That's not the way it is now because, if you look at the AmEx program, that was one day. But now you opened up my eyes to, “I need to start paying more attention to these small businesses in my neighborhood.”
They talked about it for one day but it was part of a movement. That's the world of PR. It's the continuous relationship, then what you do to follow up.
Cea (Unilever): The thought “That's a stunt” crossed my mind several times watching the awards. And some were incredibly effective stunts, so I admired them. We shouldn't necessarily view “stunt” in a derivative way, except when PR gets relegated in people's minds to being the “stunt.”
A stunt can be celebrated for the impact it can make. When we talk about ideas, we also want to have that impact, but a lot of what we're trying to do in driving conversation is to drive talkability.
Anderson (General Mills): Sometimes it might be a stunt, but it lives on in the industry. Look at the hug machine from Coke. It's something they do as a stunt then put on the blogosphere and people pick it up, put it on YouTube, and share it.
It was one PR event, but it goes on. “Did you see the hug thing Coke did?” It starts the conversation because that's what people love. They want stories. It's still about storytelling, whether it's PR or advertising.
Legorburu (SapientNitro): We need to celebrate craft. Malcolm Gladwell said, “You need 10,000 hours to be great at anything,” but we want to do things that have never been done before on time, on budget, and at a high level of quality. Those things are at odds.

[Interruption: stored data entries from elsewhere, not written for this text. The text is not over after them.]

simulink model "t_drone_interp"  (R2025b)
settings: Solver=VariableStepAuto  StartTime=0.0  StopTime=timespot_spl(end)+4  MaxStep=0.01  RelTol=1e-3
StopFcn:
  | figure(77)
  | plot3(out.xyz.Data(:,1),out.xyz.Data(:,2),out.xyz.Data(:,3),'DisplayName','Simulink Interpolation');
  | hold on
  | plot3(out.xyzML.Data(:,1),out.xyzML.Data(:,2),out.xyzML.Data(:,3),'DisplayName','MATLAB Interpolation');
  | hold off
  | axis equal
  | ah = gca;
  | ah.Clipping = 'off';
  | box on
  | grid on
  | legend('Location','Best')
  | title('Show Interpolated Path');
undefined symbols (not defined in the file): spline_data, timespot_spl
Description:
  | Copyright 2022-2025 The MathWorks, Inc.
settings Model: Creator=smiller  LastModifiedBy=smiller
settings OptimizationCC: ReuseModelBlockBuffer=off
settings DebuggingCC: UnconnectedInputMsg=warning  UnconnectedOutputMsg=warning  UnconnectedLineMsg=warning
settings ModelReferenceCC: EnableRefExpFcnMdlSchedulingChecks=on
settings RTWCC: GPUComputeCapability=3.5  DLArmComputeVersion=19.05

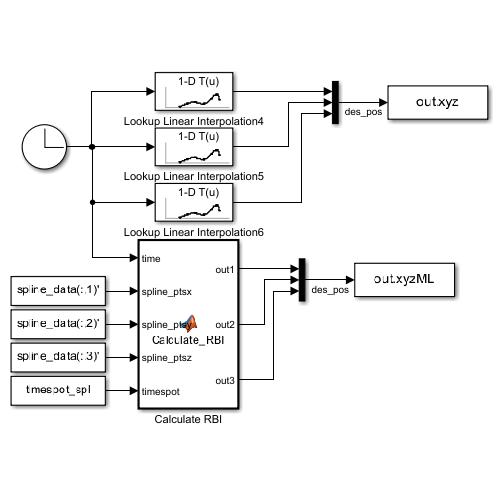
[thumbnail: Simulink's stored preview of the top-level diagram]
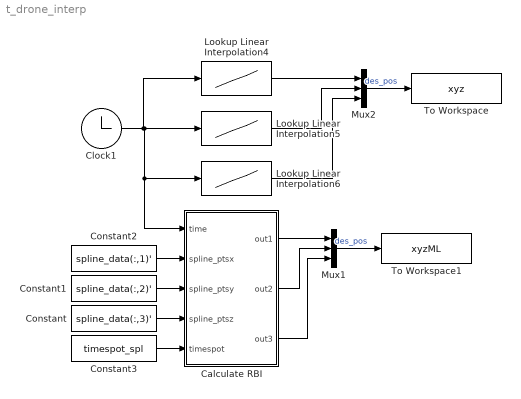
== system t_drone_interp ==
  Calculate RBI : MATLAB Function  TreatAsAtomicUnit=on
  Clock1 : Clock
  Constant : Constant  Value=spline_data(:,3)'
  Constant1 : Constant  Value=spline_data(:,2)'
  Constant2 : Constant  Value=spline_data(:,1)'
  Constant3 : Constant  Value=timespot_spl
  Lookup Linear Interpolation4 : Lookup_n-D  NumberOfTableDimensions=1  BreakpointsForDimension1=timespot_spl  Table=spline_data(:,1)  InterpMethod=Cubic spline  ExtrapMethod=Clip  InternalRulePriority=Speed  RndMeth=Simplest
  Lookup Linear Interpolation5 : Lookup_n-D  NumberOfTableDimensions=1  BreakpointsForDimension1=timespot_spl  Table=spline_data(:,2)  InterpMethod=Cubic spline  ExtrapMethod=Clip  InternalRulePriority=Speed  RndMeth=Simplest
  Lookup Linear Interpolation6 : Lookup_n-D  NumberOfTableDimensions=1  BreakpointsForDimension1=timespot_spl  Table=spline_data(:,3)  InterpMethod=Cubic spline  ExtrapMethod=Clip  InternalRulePriority=Speed  RndMeth=Simplest
  Mux1 : Mux  Inputs=3
  Mux2 : Mux  Inputs=3
  To Workspace : ToWorkspace  VariableName=xyz  SaveFormat=Timeseries  SampleTime=-1
  To Workspace1 : ToWorkspace  VariableName=xyzML  SaveFormat=Timeseries  SampleTime=-1
  wires:
  Clock1/1 -> Lookup Linear Interpolation4/1, Lookup Linear Interpolation5/1, Calculate RBI/1(time), Lookup Linear Interpolation6/1
  Lookup Linear Interpolation4/1 -> Mux2/1
  Lookup Linear Interpolation6/1 -> Mux2/3
  Lookup Linear Interpolation5/1 -> Mux2/2
  Mux2/1 -> To Workspace/1  "des_pos"
  Constant/1 -> Calculate RBI/4(spline_ptsz)
  Constant1/1 -> Calculate RBI/3(spline_ptsy)
  Constant2/1 -> Calculate RBI/2(spline_ptsx)
  Constant3/1 -> Calculate RBI/5(timespot)
  Mux1/1 -> To Workspace1/1  "des_pos"
  Calculate RBI/1(out1) -> Mux1/1
  Calculate RBI/2(out2) -> Mux1/2
  Calculate RBI/3(out3) -> Mux1/3

== matlab function t_drone_interp/Calculate RBI ==
  data: out1 output; time input; spline_ptsx input; spline_ptsy input; spline_ptsz input; timespot input; out2 output; out3 output
function [out1, out2, out3]  = Calculate_RBI(time, spline_ptsx, spline_ptsy, spline_ptsz, timespot)

out1 = interp1(timespot,spline_ptsx,time,'cubic');
out2 = interp1(timespot,spline_ptsy,time,'cubic');
out3 = interp1(timespot,spline_ptsz,time,'cubic');

Look at the category concept. If an idea fits in multiple categories, it's probably an organizing idea. Then look at the individual tactics within those categories to say, “It's showing a deep level of craft within that particular bit.” If you have a set reference to the bigger organizing idea and you see craft, that's a winning piece of work.
Sinclair (Burson): I wonder if PR practitioners are changing rapidly enough. Why did so many advertising agencies win Cannes PR Lions? They're really specialized, whereas PR isn't. A PR person who has the idea is often the person who calls up the client to chase the invoice.
Perhaps there's something to learn from the way ad agencies structure themselves? Do we need to have creative departments in PR? Do we need strategy departments? A lot of agencies are moving toward that model.
Perry (Weber): What can we learn from the Microsofts and the Googles of the world, too? It's not just looking at other agencies' disciplines, but thinking in a more technology- or startup-based mindset might be a good way of evolving our business.
Boone (Google): Some of the leading digital and innovative agencies across the board are reexamining the creative team and collaboration process. Creative teams are being reduced to the entity that creates the seed idea or spark. Where it was art directors and copywriters, now you see art directors and technologists.
Rei Inamoto [global creative director] of AKQA talks about art and code instead of art and copy. That unit is changing and connecting to a broader array of specializations and bringing those in at critical points.
There's a fundamental reexamination of the way that team is structured. How people organize in terms of collaboration is enabling a more rapid-fire cauldron of back and forth around ideas. At Google, we have this notion of “fail fast.” Our engineers are in very small teams. It's all about this rapid iteration that is infusing itself in the way creative is done.
Novak (Microsoft): We're pulling back and reexamining. When you look at the new Windows platform, you see screens disappearing. You can now take your phone and look at your Xbox and they're talking to each other.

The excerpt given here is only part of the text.